Is the social messaging startup WhatsApp worth the $19 million Facebook is paying? That's for the market to decide. But the company's extraordinary success is on display in a particular subculture not typically associated with social networking.
“The rabbis overseeing divorces say WhatsApp is the No. 1 cause of destruction of Jewish homes and business,” the New York newspaper Der Blatt reported last month, in a headline written, as the entire newspaper is, in Yiddish. The translation comes courtesy of The Jewish Daily Forward, an independent mainstream English-language site that has documented the complex relationship between the faith’s strictest adherents and the smartphone. The specific temptations are pointedly left unstated in the Der Blatt story, but any breach of modesty is a serious matter in the ultra-Orthodox community.
Ultra-Orthodox Jews, known for their black suits and wide-brimmed fedoras, go to great lengths to segregate themselves from the modern world, building whole communities committed to enforcing the strict moral codes taken from scripture and expressed in the vestments of pre-Enlightenment Eastern Europe. Against this ideal, the digital world presents a consistent challenge.
“The siren song of the Internet entices us!” a man named Eytan Kobre proclaimed outside Citi Field on May 20, 2012, the day the home of the New York Mets was filled by 40,000 ultra-Orthodox men attending a rally to denounce the Internet. Kobre was the event's spokesman, telling reporters: “It brings out the worst in us!”
And because smartphones bring the Internet as close as your pocket, the devices are seen as particularly pernicious. One rabbi compared them to a weapon. Another smashed one in public. In Israel, the late Rabbi Ovadia Yosef inveighed so frequently against the gadgets that, when he lay on his death bed last year, a supporter urged breaking 10,000 iPhones to restore him to health.
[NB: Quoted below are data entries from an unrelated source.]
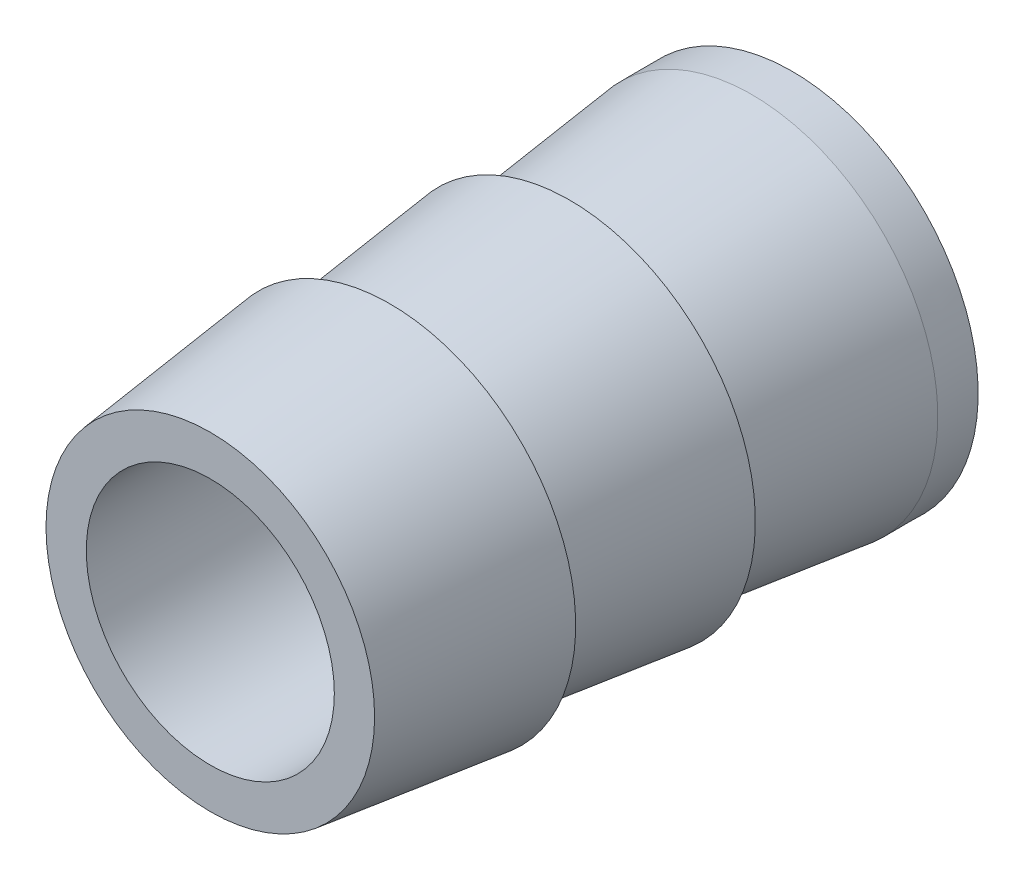
ISO-10303-21;
HEADER;
FILE_DESCRIPTION(('STEP AP214'),'2;1');
FILE_NAME('part.step','',(''),(''),'','','');
FILE_SCHEMA(('AUTOMOTIVE_DESIGN { 1 0 10303 214 1 1 1 1 }'));
ENDSEC;
DATA;
#1=APPLICATION_CONTEXT('core data for automotive mechanical design processes');
#2=APPLICATION_PROTOCOL_DEFINITION('international standard','automotive_design',2000,#1);
#3=PRODUCT_CONTEXT('',#1,'mechanical');
#4=PRODUCT('Part','Part','',(#3));
#5=PRODUCT_RELATED_PRODUCT_CATEGORY('part','',(#4));
#6=PRODUCT_DEFINITION_FORMATION('','',#4);
#7=PRODUCT_DEFINITION_CONTEXT('part definition',#1,'design');
#8=PRODUCT_DEFINITION('design','',#6,#7);
#9=PRODUCT_DEFINITION_SHAPE('','',#8);
#10=(LENGTH_UNIT() NAMED_UNIT(*) SI_UNIT(.MILLI.,.METRE.));
#11=(NAMED_UNIT(*) PLANE_ANGLE_UNIT() SI_UNIT($,.RADIAN.));
#12=(NAMED_UNIT(*) SI_UNIT($,.STERADIAN.) SOLID_ANGLE_UNIT());
#13=UNCERTAINTY_MEASURE_WITH_UNIT(LENGTH_MEASURE(1.E-05),#10,'distance_accuracy_value','');
#14=(GEOMETRIC_REPRESENTATION_CONTEXT(3) GLOBAL_UNCERTAINTY_ASSIGNED_CONTEXT((#13)) GLOBAL_UNIT_ASSIGNED_CONTEXT((#10,
#11,#12)) REPRESENTATION_CONTEXT('',''));
#15=CARTESIAN_POINT('',(0.,0.,0.));
#16=DIRECTION('',(0.,0.,1.));
#17=DIRECTION('',(1.,0.,0.));
#18=AXIS2_PLACEMENT_3D('',#15,#16,#17);
#19=CARTESIAN_POINT('',(0.,0.,6.15468318552619));
#20=DIRECTION('',(0.,0.,1.));
#21=DIRECTION('',(1.,0.,0.));
#22=AXIS2_PLACEMENT_3D('',#19,#20,#21);
#23=PLANE('',#22);
#24=CARTESIAN_POINT('',(0.,0.,6.15468318552619));
#25=DIRECTION('',(0.,0.,1.));
#26=DIRECTION('',(1.,0.,0.));
#27=AXIS2_PLACEMENT_3D('',#24,#25,#26);
#28=CIRCLE('',#27,3.175);
#29=CARTESIAN_POINT('',(3.175,0.,6.15468318552619));
#30=VERTEX_POINT('',#29);
#31=EDGE_CURVE('E70',#30,#30,#28,.T.);
#32=ORIENTED_EDGE('',*,*,#31,.F.);
#33=EDGE_LOOP('',(#32));
#34=FACE_BOUND('',#33,.T.);
#35=CARTESIAN_POINT('',(0.,0.,6.15468318552619));
#36=DIRECTION('',(0.,0.,-1.));
#37=DIRECTION('',(-1.,0.,0.));
#38=AXIS2_PLACEMENT_3D('',#35,#36,#37);
#39=CIRCLE('',#38,4.20593499387177);
#40=CARTESIAN_POINT('',(-4.20593499387177,0.,6.15468318552619));
#41=VERTEX_POINT('',#40);
#42=EDGE_CURVE('E66',#41,#41,#39,.T.);
#43=ORIENTED_EDGE('',*,*,#42,.F.);
#44=EDGE_LOOP('',(#43));
#45=FACE_BOUND('',#44,.T.);
#46=ADVANCED_FACE('F41',(#34,#45),#23,.T.);
#47=CARTESIAN_POINT('',(0.,4.7625,-8.7391875));
#48=DIRECTION('',(0.,0.,-1.));
#49=DIRECTION('',(-1.,0.,0.));
#50=AXIS2_PLACEMENT_3D('',#47,#48,#49);
#51=PLANE('',#50);
#52=CARTESIAN_POINT('',(0.,0.,-8.7391875));
#53=DIRECTION('',(0.,0.,1.));
#54=DIRECTION('',(1.,0.,0.));
#55=AXIS2_PLACEMENT_3D('',#52,#53,#54);
#56=CIRCLE('',#55,3.175);
#57=CARTESIAN_POINT('',(3.175,0.,-8.7391875));
#58=VERTEX_POINT('',#57);
#59=EDGE_CURVE('E69',#58,#58,#56,.T.);
#60=ORIENTED_EDGE('',*,*,#59,.T.);
#61=EDGE_LOOP('',(#60));
#62=FACE_BOUND('',#61,.T.);
#63=CARTESIAN_POINT('',(0.,0.,-8.7391875));
#64=DIRECTION('',(0.,0.,-1.));
#65=DIRECTION('',(-1.,0.,0.));
#66=AXIS2_PLACEMENT_3D('',#63,#64,#65);
#67=CIRCLE('',#66,4.7625);
#68=CARTESIAN_POINT('',(-4.7625,0.,-8.7391875));
#69=VERTEX_POINT('',#68);
#70=EDGE_CURVE('E10',#69,#69,#67,.T.);
#71=ORIENTED_EDGE('',*,*,#70,.T.);
#72=EDGE_LOOP('',(#71));
#73=FACE_BOUND('',#72,.T.);
#74=ADVANCED_FACE('F76',(#62,#73),#51,.T.);
#75=CARTESIAN_POINT('',(0.,0.,-8.7391875));
#76=DIRECTION('',(0.,0.,-1.));
#77=DIRECTION('',(-1.,0.,0.));
#78=AXIS2_PLACEMENT_3D('',#75,#76,#77);
#79=CONICAL_SURFACE('',#78,4.7625,0.00129577300523624);
#80=CARTESIAN_POINT('',(0.,0.,-7.70799669082972));
#81=DIRECTION('',(0.,0.,-1.));
#82=DIRECTION('',(-1.,0.,0.));
#83=AXIS2_PLACEMENT_3D('',#80,#81,#82);
#84=CIRCLE('',#83,4.7611638100384);
#85=CARTESIAN_POINT('',(-4.7611638100384,0.,-7.70799669082972));
#86=VERTEX_POINT('',#85);
#87=EDGE_CURVE('E47',#86,#86,#84,.T.);
#88=ORIENTED_EDGE('',*,*,#87,.T.);
#89=EDGE_LOOP('',(#88));
#90=FACE_BOUND('',#89,.T.);
#91=ORIENTED_EDGE('',*,*,#70,.F.);
#92=EDGE_LOOP('',(#91));
#93=FACE_BOUND('',#92,.T.);
#94=ADVANCED_FACE('F115',(#90,#93),#79,.T.);
#95=CARTESIAN_POINT('',(0.,0.,-3.19399568552619));
#96=DIRECTION('',(0.,0.,-1.));
#97=DIRECTION('',(-1.,0.,0.));
#98=AXIS2_PLACEMENT_3D('',#95,#96,#97);
#99=CONICAL_SURFACE('',#98,4.22369000612823,0.118510215194434);
#100=CARTESIAN_POINT('',(0.,0.,-3.04487931447382));
#101=DIRECTION('',(0.,0.,-1.));
#102=DIRECTION('',(-1.,0.,0.));
#103=AXIS2_PLACEMENT_3D('',#100,#101,#102);
#104=CIRCLE('',#103,4.20593499387178);
#105=CARTESIAN_POINT('',(-4.20593499387178,0.,-3.04487931447382));
#106=VERTEX_POINT('',#105);
#107=EDGE_CURVE('E51',#106,#106,#104,.T.);
#108=ORIENTED_EDGE('',*,*,#107,.T.);
#109=EDGE_LOOP('',(#108));
#110=FACE_BOUND('',#109,.T.);
#111=ORIENTED_EDGE('',*,*,#87,.F.);
#112=EDGE_LOOP('',(#111));
#113=FACE_BOUND('',#112,.T.);
#114=ADVANCED_FACE('F109',(#110,#113),#99,.T.);
#115=CARTESIAN_POINT('',(0.,4.75362249387177,-3.04487931447382));
#116=DIRECTION('',(0.,0.,-1.));
#117=DIRECTION('',(-1.,0.,0.));
#118=AXIS2_PLACEMENT_3D('',#115,#116,#117);
#119=PLANE('',#118);
#120=CARTESIAN_POINT('',(0.,0.,-3.04487931447382));
#121=DIRECTION('',(0.,0.,-1.));
#122=DIRECTION('',(-1.,0.,0.));
#123=AXIS2_PLACEMENT_3D('',#120,#121,#122);
#124=CIRCLE('',#123,4.75362249387177);
#125=CARTESIAN_POINT('',(-4.75362249387177,0.,-3.04487931447382));
#126=VERTEX_POINT('',#125);
#127=EDGE_CURVE('E55',#126,#126,#124,.T.);
#128=ORIENTED_EDGE('',*,*,#127,.T.);
#129=EDGE_LOOP('',(#128));
#130=FACE_BOUND('',#129,.T.);
#131=ORIENTED_EDGE('',*,*,#107,.F.);
#132=EDGE_LOOP('',(#131));
#133=FACE_BOUND('',#132,.T.);
#134=ADVANCED_FACE('F103',(#130,#133),#119,.T.);
#135=CARTESIAN_POINT('',(0.,0.,1.40578556447381));
#136=DIRECTION('',(0.,0.,-1.));
#137=DIRECTION('',(-1.,0.,0.));
#138=AXIS2_PLACEMENT_3D('',#135,#136,#137);
#139=CONICAL_SURFACE('',#138,4.22369000612823,0.118510215194432);
#140=CARTESIAN_POINT('',(0.,0.,1.55490193552618));
#141=DIRECTION('',(0.,0.,-1.));
#142=DIRECTION('',(-1.,0.,0.));
#143=AXIS2_PLACEMENT_3D('',#140,#141,#142);
#144=CIRCLE('',#143,4.20593499387178);
#145=CARTESIAN_POINT('',(-4.20593499387178,0.,1.55490193552618));
#146=VERTEX_POINT('',#145);
#147=EDGE_CURVE('E60',#146,#146,#144,.T.);
#148=ORIENTED_EDGE('',*,*,#147,.T.);
#149=EDGE_LOOP('',(#148));
#150=FACE_BOUND('',#149,.T.);
#151=ORIENTED_EDGE('',*,*,#127,.F.);
#152=EDGE_LOOP('',(#151));
#153=FACE_BOUND('',#152,.T.);
#154=ADVANCED_FACE('F97',(#150,#153),#139,.T.);
#155=CARTESIAN_POINT('',(0.,4.75362249387178,1.55490193552618));
#156=DIRECTION('',(0.,0.,-1.));
#157=DIRECTION('',(-1.,0.,0.));
#158=AXIS2_PLACEMENT_3D('',#155,#156,#157);
#159=PLANE('',#158);
#160=CARTESIAN_POINT('',(0.,0.,1.55490193552618));
#161=DIRECTION('',(0.,0.,-1.));
#162=DIRECTION('',(-1.,0.,0.));
#163=AXIS2_PLACEMENT_3D('',#160,#161,#162);
#164=CIRCLE('',#163,4.75362249387178);
#165=CARTESIAN_POINT('',(-4.75362249387178,0.,1.55490193552618));
#166=VERTEX_POINT('',#165);
#167=EDGE_CURVE('E63',#166,#166,#164,.T.);
#168=ORIENTED_EDGE('',*,*,#167,.T.);
#169=EDGE_LOOP('',(#168));
#170=FACE_BOUND('',#169,.T.);
#171=ORIENTED_EDGE('',*,*,#147,.F.);
#172=EDGE_LOOP('',(#171));
#173=FACE_BOUND('',#172,.T.);
#174=ADVANCED_FACE('F91',(#170,#173),#159,.T.);
#175=CARTESIAN_POINT('',(0.,0.,6.00556681447381));
#176=DIRECTION('',(0.,0.,-1.));
#177=DIRECTION('',(-1.,0.,0.));
#178=AXIS2_PLACEMENT_3D('',#175,#176,#177);
#179=CONICAL_SURFACE('',#178,4.22369000612823,0.118510215194436);
#180=ORIENTED_EDGE('',*,*,#42,.T.);
#181=EDGE_LOOP('',(#180));
#182=FACE_BOUND('',#181,.T.);
#183=ORIENTED_EDGE('',*,*,#167,.F.);
#184=EDGE_LOOP('',(#183));
#185=FACE_BOUND('',#184,.T.);
#186=ADVANCED_FACE('F81',(#182,#185),#179,.T.);
#187=CARTESIAN_POINT('',(0.,0.,-8.7391875));
#188=DIRECTION('',(0.,0.,1.));
#189=DIRECTION('',(1.,0.,0.));
#190=AXIS2_PLACEMENT_3D('',#187,#188,#189);
#191=CYLINDRICAL_SURFACE('',#190,3.175);
#192=ORIENTED_EDGE('',*,*,#59,.F.);
#193=EDGE_LOOP('',(#192));
#194=FACE_BOUND('',#193,.T.);
#195=ORIENTED_EDGE('',*,*,#31,.T.);
#196=EDGE_LOOP('',(#195));
#197=FACE_BOUND('',#196,.T.);
#198=ADVANCED_FACE('F78',(#194,#197),#191,.F.);
#199=CLOSED_SHELL('',(#46,#74,#94,#114,#134,#154,#174,#186,#198));
#200=MANIFOLD_SOLID_BREP('B2',#199);
#201=ADVANCED_BREP_SHAPE_REPRESENTATION('',(#18,#200),#14);
#202=SHAPE_DEFINITION_REPRESENTATION(#9,#201);
ENDSEC;
END-ISO-10303-21;

And yet, the supporter posted his plea on Facebook, and the rabbi had his own smartphone app (one that secular Israelis claimed was used to turn out voters for the Shas political party Yosef led). Rather than enforce a total ban on smartphones, some rabbis set out to neuter them. “Kosher phones” are stripped of applications that tap into the Internet or are deemed at risk of promoting unhealthy distraction by The Rabbinic Committee for Matters of Communications, which answers to the top ultra-Orthodox rabbis worldwide. The Forward reports that, of 20,000 apps, only 600 are approved for the faithful by "rabbinic advisers" consulted by an Israeli supermarket chain that offers a "Kosher" LG-Nexus 4. Facebook was banned, as was YouTube. But somehow WhatsApp was overlooked, and ultra-Orthodox men flocked to it in recent months, the newspaper reports.
The messaging service allows its 450 million users worldwide to send and receive photos, videos and text, among a small group. It’s not exactly Snapchat, the messaging application that automatically erases an image moments after it’s sent (making the world safe for sexting). But Der Blatt said WhatsApp was destroying families by distracting parents from their children and worse.
The Forward quotes religious users arguing that the WhatsApp’s group messaging function actually enhances community cohesion but the site reports the company that filters smartphones for one Hasidic sect is preparing to block WhatsApp's functionality. Lipa Schmeltzer, a Hasidic pop star who's been called "the Jewish Elvis," told reporter Josh Nathan-Kazis the ban makes little sense given that the authorities have already forbidden the Internet.
“It’s like banning a shopping center and then feeling the need to ban particularly aisle nine,” Schmeltzer says.